I'm learning web scraping with python, and as a way to do an all-in-one exercise I'm trying to make a game catalog by utilizing Beautiful Soup and requests modules as my main tools. Though, the problem lies while handling sentences related to requests module.
DESCRIPTION:
The exercise is about getting all genres tags used for classifying games starting with A letter in the first page.
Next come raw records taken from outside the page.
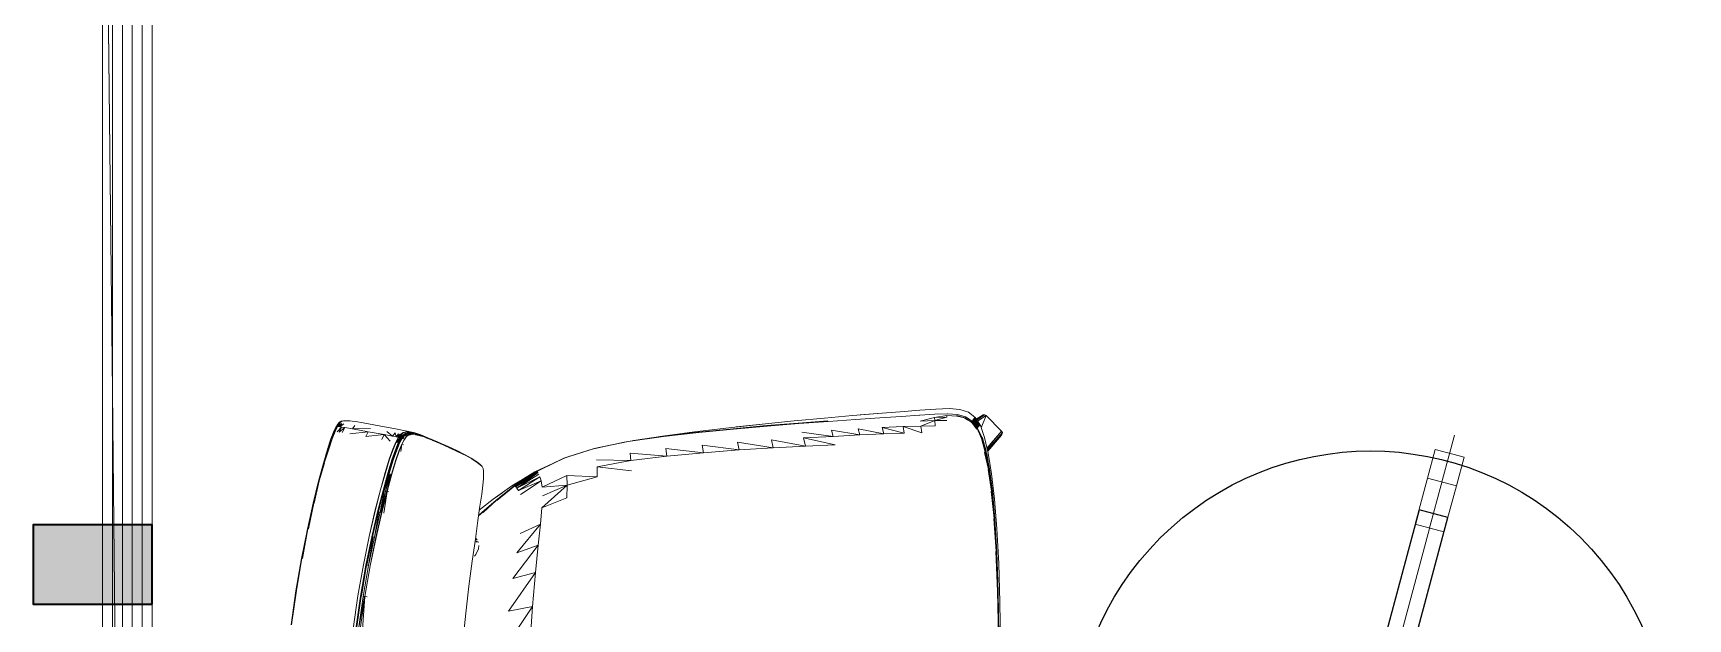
# Model space of a CAD drawing. Header units: millimetres. Extents: x 233224 to 234067, y -13631 to -11613.
# Drawn here: x 233243.7 to 233410.6, y -13389.4 to -13330.3 of the extents above; entities that cross this region are included whole.
import ezdxf

# ---------------------------------------------------------------- set-up
doc = ezdxf.new("R2010")
doc.units = ezdxf.units.MM
doc.header["$MEASUREMENT"] = 0
doc.set_wipeout_variables(frame=1)
doc.linetypes.add('Wipeout_Contour', pattern=[1000, 0, -1000])
for name, color, linetype, lineweight, true_color in [('2D Drafting - General_Pen_No__4', 7, 'Continuous', 20, 0x029e21), ('Interior - Furniture _Pen_No__4', 7, 'Continuous', 20, 0x029e21), ('Str - Column_Pen_No__88', 7, 'Continuous', 20, 0xfd4435), ('Structural - Bearing_Pen_No__28', 7, 'Continuous', 35, 0xa80f02), ('Structural - Bearing_Pen_No__48', 7, 'Continuous', 25, 0xa80f02), ('Structural - Bearing_Pen_No__87', 7, 'Continuous', 20, 0x6a6a6a)]:
    doc.layers.add(name, color=color, linetype=linetype, lineweight=lineweight, true_color=true_color)
for name, color, linetype in [('Doseme - BA', 7, 'Continuous'), ('Interior - Furniture', 7, 'Continuous'), ('Str - Column', 7, 'Continuous'), ('Structural - Bearing', 7, 'Continuous')]:
    doc.layers.add(name, color=color, linetype=linetype)
doc.layers.add('Doseme - BA_Pen_No__1', color=7, linetype='Continuous', lineweight=13)
doc.layers.add('Doseme - BA_Pen_No__41', color=7, linetype='Continuous', lineweight=25)

# ---------------------------------------------------------------- blocks, each defined once
blk = doc.blocks.new('Wall_26', base_point=(226008.5, -1398.4))
at = {"color": 254, "linetype": 'Wipeout_Contour', "lineweight": 0, "ltscale": 904598.672027}
blk.add_wipeout([(225958.5, -1398.4), (225958.5, -12902.1), (225968.5, -12902.1), (225968.5, -1398.4)], dxfattribs=at).dxf.layer = 'Structural - Bearing'
at = {"layer": 'Structural - Bearing_Pen_No__87', "linetype": 'Continuous', "flags": 128}
blk.add_lwpolyline([(225958.5, -1398.4), (225958.5, -12902.1)], dxfattribs=at)
at = {"color": 254, "linetype": 'Wipeout_Contour', "lineweight": 0, "ltscale": 904638.639123}
blk.add_wipeout([(225968.5, -1398.4), (225968.5, -12902.1), (225978.5, -12902.1), (225978.5, -1398.4)], dxfattribs=at).dxf.layer = 'Structural - Bearing'
at = {"layer": 'Structural - Bearing_Pen_No__87', "linetype": 'Continuous'}
blk.add_line((225968.5, -1398.4), (225968.5, -12902.1), dxfattribs=at)
at = {"color": 254, "linetype": 'Wipeout_Contour', "lineweight": 0, "ltscale": 904678.606221}
blk.add_wipeout([(225978.5, -1398.4), (225978.5, -12902.1), (225988.5, -12902.1), (225988.5, -1398.4)], dxfattribs=at).dxf.layer = 'Structural - Bearing'
at = {"layer": 'Structural - Bearing_Pen_No__87', "linetype": 'Continuous'}
blk.add_line((225978.5, -1398.4), (225978.5, -12902.1), dxfattribs=at)
at = {"color": 254, "linetype": 'Wipeout_Contour', "lineweight": 0, "ltscale": 904718.573323}
blk.add_wipeout([(225988.5, -1398.4), (225988.5, -12902.1), (225998.5, -12902.1), (225998.5, -1398.4)], dxfattribs=at).dxf.layer = 'Structural - Bearing'
at = {"layer": 'Structural - Bearing_Pen_No__87', "linetype": 'Continuous'}
blk.add_line((225988.5, -1398.4), (225988.5, -12902.1), dxfattribs=at)
at = {"color": 254, "linetype": 'Wipeout_Contour', "lineweight": 0, "ltscale": 904758.540427}
blk.add_wipeout([(225998.5, -1398.4), (225998.5, -12902.1), (226008.5, -12902.1), (226008.5, -1398.4)], dxfattribs=at).dxf.layer = 'Structural - Bearing'
at = {"layer": 'Structural - Bearing_Pen_No__87', "linetype": 'Continuous'}
blk.add_line((225998.5, -1398.4), (225998.5, -12902.1), dxfattribs=at)
at = {"layer": 'Structural - Bearing_Pen_No__87', "linetype": 'Continuous', "flags": 128}
blk.add_lwpolyline([(226008.5, -12902.1), (226008.5, -1398.4)], dxfattribs=at)
blk = doc.blocks.new('Column_22', base_point=(227300.6, -11285.4))
at = {"color": 254, "linetype": 'Wipeout_Contour', "lineweight": 0, "ltscale": 1365497.546166272}
blk.add_wipeout([(227290, -11267), (227282.2, -11296.1), (227311.2, -11303.9), (227319, -11274.8), (227323.7, -11257.4), (227294.7, -11249.6)], dxfattribs=at).dxf.layer = 'Str - Column'
at = {"layer": 'Str - Column_Pen_No__88', "linetype": 'Continuous'}
for p, q in [((227302.5, -11220.5), (227294.7, -11249.6)), ((227331.5, -11228.3), (227323.7, -11257.4)), ((227294.7, -11249.6), (227282.2, -11296.1)), ((227323.7, -11257.4), (227311.2, -11303.9)), ((227282.2, -11296.1), (227311.2, -11303.9))]:
    blk.add_line(p, q, dxfattribs=at)
at = {"color": 254, "linetype": 'Wipeout_Contour', "lineweight": 0, "ltscale": 910363.023727}
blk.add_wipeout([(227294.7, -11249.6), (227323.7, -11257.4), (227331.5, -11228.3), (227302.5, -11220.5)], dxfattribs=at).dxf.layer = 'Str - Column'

Each page shows around or exactly 30 games, so if one wants to access a specific page independently of a letter, has to access to an url in this form.
- https://vandal.elespanol.com/juegos/13/pc/letra/a/inicio/1
- https://vandal.elespanol.com/juegos/13/pc/letra/a/inicio/2
- https://vandal.elespanol.com/juegos/13/pc/letra/a/inicio/3
And so on... As a matter of fact, each alphabet letter main page has the form: URL: https://vandal.elespanol.com/juegos/13/pc/letra/ which is equivalent to https://vandal.elespanol.com/juegos/13/pc/letra/a/inicio/.
Making my way to scrape genres from some pages is not big deal but what if i want to scrape them all of a letter, how do i know when I'm done scraping genres from all games of a letter?
When you request the url https://vandal.elespanol.com/juegos/13/pc/letra/a/inicio/200 for example, you get redirected to a corresponding letter main page, which means the first 30 games, since in the end it doesn't have more games to return. So while bearing that in mind.. i was thinking about verifying the status_code got from requests.get() response, but get a 200 as status code whereas when analizing packages received with Chrome Tools i got 301 as status code. In the end of the program i save to a file the scraped genres.
And here's the code:
from bs4 import BeautifulSoup
import string
import requests
from string import ascii_lowercase
def write_genres_to_file(site_genres):
with open('/home/l0new0lf/Desktop/generos.txt', 'w') as file_:
print(f'File "{file_.name}" OPENED to write {len(site_genres)} GENRES')
counter = 1
site_genres_length = len(site_genres)
for num in range(site_genres_length):
print('inside File Loop')
if counter != 2:
if counter == 3:
file_.write(f'{site_genres[num]}' + '\n')
print('wrote something')
counter = 0
else: file_.write(f'{site_genres[num]}')
else: file_.write(f'{site_genres[num]:^{len(site_genres[num])+8}}')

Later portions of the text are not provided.